--- START ---
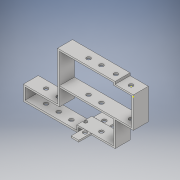
# Autodesk Inventor part: SENGH IS KENGH
Saved by Autodesk Inventor 2017 (Build 210142000, 142)
## iProperties
Created: 2017-11-30
Part Number: SENGH IS KENGH
Material: Generic
Document SubType Name: Modeling
Designer: Sam
Density: 1 g/cm^3
Appearance: Default
Author: Sam
Autodesk Inventor part; units mm, degrees
ref_plane "YZ Plane" through (0, 0, 0) normal (1, 0, 0) x (0, 1, 0)
ref_plane "XZ Plane" through (0, 0, 0) normal (0, 1, 0) x (-1, 0, 0)
ref_plane "XY Plane" through (0, 0, 0) normal (0, 0, 1) x (1, 0, 0)
sketch "Sketch1" plane through (0, 0, 0) normal (0, 0, 1) x (1, 0, 0)
  line L0 (0, 2) -> (0, 0) projected
  line L1 (0, 2) -> (-89, 2) projected
  line L2 (-89, 0) -> (-89, 2) projected
  line L3 (0, 0) -> (-89, 0) projected
  circle A0 centre (-28, -35.5) radius 1.5 projected
  circle A1 centre (-36, -35.5) radius 1.5 projected
  line L4 (-66, -36) -> (-40, -36) projected
  line L5 (-40, -36) -> (-40, -41) projected
  line L6 (-20.7846, -41) -> (-40, -41) projected
  line L7 (-20.7846, 0) -> (-20.7846, -41) projected
  line L8 (-20.7846, 0) -> (-22, 0) projected
  line L9 (-22, 0) -> (-22, -30) projected
  line L10 (-66, -31.5748) -> (-66, -36) projected
  line L11 (0, -41) -> (-20.7846, -41) projected
  line L12 (0, 0) -> (0, -41) projected
  line L13 (0, 0) -> (-20.7846, 0) projected
  line L14 (-20.7846, 0) -> (-20.7846, -41) projected
  line L15 (0, 46) -> (0, 0) projected
  circle A2 centre (-28, 45.5) radius 1.5 projected
  circle A3 centre (-36, 45.5) radius 1.5 projected
  circle A4 centre (-98, 52) radius 1.5 projected
  line L16 (-49.0437, 51) -> (-20.7846, 51) projected
  line L17 (-104, 55.8081) -> (-49.0437, 51) projected
  line L18 (-104, 55.8081) -> (-104, 48) projected
  line L19 (-104, 48) -> (-81, 48) projected
  line L20 (-81, 48) -> (-81, 42.8871) projected
  line L21 (-81, 42.8871) -> (-48, 40) projected
  line L22 (-48, 40) -> (-22, 40) projected
  line L23 (-22, 40) -> (-22, 46) projected
  line L24 (-22, 46) -> (-20.7846, 46) projected
  line L25 (-20.7846, 51) -> (-20.7846, 46) projected
  line L26 (-22, 46) -> (0, 46) projected
  line L27 (-22, 40) -> (-22, 46) projected
  line L28 (0, 40) -> (-22, 40) projected
  line L29 (0, 46) -> (0, 40) projected
  line L30 (-22, 0) -> (-22, -30)
  line L31 (-91.246, 40) -> (-22, 40)
  line L32 (-22, 40) -> (-22, 36.9892)
  line L33 (-22, 36.9892) -> (0, 36.9892)
  line L34 (0, 36.9892) -> (0, 2)
  line L35 (-23.9878, 0) -> (-24, 0)
  line L36 (-24, 0) -> (-23.8812, -27.9971)
  line L37 (-91, -18) -> (-114, -18) projected
  line L38 (-132.3701, 81.1945) -> (-132.3701, -67.1672)
  line L39 (-91, -18) -> (-132.3701, -18)
  line L40 (-132.3701, -18) -> (-132.3701, -29.4267)
  line L41 (-91, -18) -> (-91.246, 40)
  line L42 (-23.8812, -27.9971) -> (-68.0077, -28.1843)
  line L43 (-130.363, -20.001) -> (-88.993, -20.001)
  line L44 (-88.993, 37.9938) -> (-23.9878, 37.9938)
  line L45 (-23.9878, 37.9938) -> (-23.9878, 35.1472)
  line L46 (-23.9878, 35.1472) -> (-2.1372, 35.1472)
  line L47 (-2.1372, 35.1472) -> (-2.1372, 2)
  line L48 (-130.363, -20.001) -> (-130.363, -33.7874)
  line L49 (-130.363, -36) -> (-66, -36)
  line L50 (-132.3701, -18) -> (-132.3701, -36)
  line L51 (-132.3701, -36) -> (-130.363, -36)
  line L52 (-130.363, -33.7874) -> (-68, -33.7874)
  line L53 (-66, -33.7874) -> (-66, -36)
  line L54 (-66, -33.7874) -> (-66, -31.5748)
  line L55 (-68, -33.7874) -> (-68, -31.5748)
  line L56 (-68, -31.5748) -> (-68, -30)
  line L57 (-68, -30) -> (-68.0077, -28.1843)
  line L58 (-66, -30.1103) -> (-66, -31.5748)
  line L59 (-22, -30) -> (-66, -30)
  line L60 (-66, -30) -> (-66, -30.1103)
  line L61 (-2.1372, 2) -> (-89, 2)
  line L62 (0, 2) -> (0, 0)
  line L63 (0, 0) -> (-22, 0)
  line L64 (-24, 0) -> (-89, 0)
  line L65 (-88.993, -20.001) -> (-88.993, 0)
  line L66 (-88.993, 2) -> (-88.993, 37.9938)
  dimension "d0" = 2
  dimension "d1" = 27.9974
  dimension "d6" = 41.37
  dimension "d8" = 57.9948
  dimension "d10" = 65.0052
  dimension "d14" = 2
  constraints: 72 end point, 13 perpendicular, 11 point on line, 6 vertical, 4 collinear, 2 parallel, 1 horizontal, 1 midpoint, 2 other
  measures "d0" distance of L8.end L35.end
  measures "d1" distance of L35.end L36.end
  measures "d6" distance of L43.start L43.end
  measures "d8" distance of L43.end L44.start
  measures "d10" distance of L44.start L44.end
  measures "d14" distance of L52.end L53.start
extrude "Extrusion2" add sketch "Sketch1" against normal blind 18 contours L1 L47 L46 L45 L44 L66 L2 L3 L65 L43 L48 L52 L55 L56 L57 L42 L36 L9 L59 L60 L58 L10 L49 L51 L38 L39 L37 L41 L31 L22 L32 L33 L15
sketch "Sketch5" plane through (-23.9878, 35.1472, 0) normal (0, -1, 0) x (1, 0, 0)
  point P0 (23.9878, 0)
sketch "Sketch6" plane through (0, 0, -18) normal (0, 0, -1) x (-1, 0, 0)
  line L0 (22, -30) -> (66, -30) projected
  line L1 (68.0077, -28.1843) -> (23.8812, -27.9971) projected
  line L2 (66, -30) -> (46.9738, -30)
  line L3 (46.9738, -30) -> (46.9738, -28.0951)
  line L4 (46.9738, -28.0951) -> (66, -28.0951)
  line L5 (66, -28.0951) -> (66, -30)
  point P0 (0, 0)
  constraints: 8 end point, 2 parallel, 1 horizontal, 1 perpendicular, 1 point on line
extrude "Extrusion6" add sketch "Sketch6" along normal blind 25
sketch "Sketch7" plane through (-132.3701, -36, 0) normal (0, -1, 0) x (1, 0, 0)
  arc A0 (20.1763, -7.9629) -> (20.3806, -9.5438) centre (18.3701, -9) ccw
  spline S0 degree 3 number of poles 884
  arc A1 (63.5787, -11.8624) -> (67.8965, -12.5067) centre (66.2955, -8.4452) ccw
  arc A2 (67.8965, -12.5067) -> (70.6134, -9.0895) centre (66.2955, -8.4452) ccw
  arc A3 (70.6134, -9.0895) -> (69.0124, -5.028) centre (66.2955, -8.4452) ccw
  arc A4 (69.0124, -5.028) -> (64.6946, -4.3837) centre (66.2955, -8.4452) ccw
  arc A5 (64.6946, -4.3837) -> (61.9777, -7.8009) centre (66.2955, -8.4452) ccw
  arc A6 (61.9777, -7.8009) -> (63.5787, -11.8624) centre (66.2955, -8.4452) ccw
  arc A7 (67.9695, -7.2059) -> (66.6029, -6.3852) centre (66.2955, -8.4452) ccw
  arc A8 (66.6029, -6.3852) -> (67.9695, -7.2059) centre (66.2955, -8.4452) ccw
  arc A9 (73.8571, -24.1243) -> (78.1749, -24.7686) centre (76.574, -20.7071) ccw
  arc A10 (78.1749, -24.7686) -> (80.8918, -21.3514) centre (76.574, -20.7071) ccw
  arc A11 (80.8918, -21.3514) -> (79.2908, -17.2899) centre (76.574, -20.7071) ccw
  arc A12 (79.2908, -17.2899) -> (74.973, -16.6456) centre (76.574, -20.7071) ccw
  arc A13 (74.973, -16.6456) -> (72.2561, -20.0628) centre (76.574, -20.7071) ccw
  arc A14 (72.2561, -20.0628) -> (73.8571, -24.1243) centre (76.574, -20.7071) ccw
  arc A15 (78.2479, -19.4678) -> (76.8813, -18.6471) centre (76.574, -20.7071) ccw
  arc A16 (76.8813, -18.6471) -> (78.2479, -19.4678) centre (76.574, -20.7071) ccw
  spline S1 degree 3 number of poles 1000
  arc A17 (69.1532, -39.4172) -> (73.471, -40.0615) centre (71.8701, -36) ccw
  arc A18 (73.471, -40.0615) -> (76.1879, -36.6443) centre (71.8701, -36) ccw
  arc A19 (76.1879, -36.6443) -> (74.5869, -32.5828) centre (71.8701, -36) ccw
  arc A20 (74.5869, -32.5828) -> (70.2691, -31.9385) centre (71.8701, -36) ccw
  arc A21 (70.2691, -31.9385) -> (67.5522, -35.3557) centre (71.8701, -36) ccw
  arc A22 (67.5522, -35.3557) -> (69.1532, -39.4172) centre (71.8701, -36) ccw
  arc A23 (73.544, -34.7607) -> (72.1774, -33.94) centre (71.8701, -36) ccw
  arc A24 (72.1774, -33.94) -> (73.544, -34.7607) centre (71.8701, -36) ccw
  point P0 (132.3701, 0)
sketch "Sketch8" plane through (0, 0, 0) normal (0, 0, 1) x (1, 0, 0)
  line L0 (0, 2) -> (0, 36.9892) projected
  line L1 (0, 2) -> (-88.993, 2)
  line L2 (-88.993, 2) -> (-88.993, 0)
  line L3 (-88.993, 0) -> (0, 0)
  line L4 (0, 0) -> (0, 2)
  point P0 (0, 0)
  constraints: 8 end point, 2 parallel, 1 horizontal, 1 perpendicular
extrude "Extrusion7" add sketch "Sketch8" against normal blind 18
sketch "Sketch9" plane through (-23.9878, 35.1472, 0) normal (0, -1, 0) x (1, 0, 0)
  circle A0 centre (12.9653, -8.5) radius 1 projected
  point P0 (23.9878, 0)
sketch "Sketch10" plane through (-22, 36.9892, 0) normal (0, 1, 0) x (1, 0, 0)
  circle A0 centre (10.6789, 8.5163) radius 2.5
  point P0 (22, 0)
  dimension "d27" = 5
  constraints: 1 centre point
  measures "d27" diameter of A0
sketch "Sketch11" plane through (-23.9878, 35.1472, 0) normal (0, -1, 0) x (1, 0, 0)
  point P0 (23.9878, 0)
extrude "Extrusion8" cut sketch "Sketch10" against normal through all
sketch "Sketch12" plane through (-132.3701, -36, 0) normal (0, -1, 0) x (1, 0, 0)
  circle A0 centre (18.3329, -9.0632) radius 2.5
  circle A1 centre (66.3878, -8.536) radius 2.5
  point P0 (132.3701, 0)
  dimension "d30" = 5
  dimension "d31" = 5
  constraints: 2 centre point
  measures "d30" diameter of A0
  measures "d31" diameter of A1
extrude "Extrusion9" cut sketch "Sketch12" against normal through all contours A0
extrude "Extrusion10" cut sketch "Sketch7" against normal blind 25 contours A8 A7
sketch "Sketch14" plane through (-132.3701, -36, 0) normal (0, -1, 0) x (1, 0, 0)
  arc A0 (47.613, -10.8143) -> (51.9308, -11.4586) centre (50.3299, -7.3971) ccw projected
  arc A1 (51.9308, -11.4586) -> (54.6477, -8.0414) centre (50.3299, -7.3971) ccw projected
  arc A2 (54.6477, -8.0414) -> (53.0468, -3.9799) centre (50.3299, -7.3971) ccw projected
  arc A3 (53.0468, -3.9799) -> (48.7289, -3.3356) centre (50.3299, -7.3971) ccw projected
  arc A4 (48.7289, -3.3356) -> (46.0121, -6.7528) centre (50.3299, -7.3971) ccw projected
  arc A5 (46.0121, -6.7528) -> (47.613, -10.8143) centre (50.3299, -7.3971) ccw projected
  arc A6 (52.0039, -6.1578) -> (50.6373, -5.3371) centre (50.3299, -7.3971) ccw projected
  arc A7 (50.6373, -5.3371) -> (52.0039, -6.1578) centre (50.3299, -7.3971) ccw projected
--- END ---
**Directions for this task:**
Return a copy of each line of the material that holds the word "measures".

**Output of the task:**
  measures "d0" distance of L8.end L35.end
  measures "d1" distance of L35.end L36.end
  measures "d6" distance of L43.start L43.end
  measures "d8" distance of L43.end L44.start
  measures "d10" distance of L44.start L44.end
  measures "d14" distance of L52.end L53.start
  measures "d27" diameter of A0
  measures "d30" diameter of A0
  measures "d31" diameter of A1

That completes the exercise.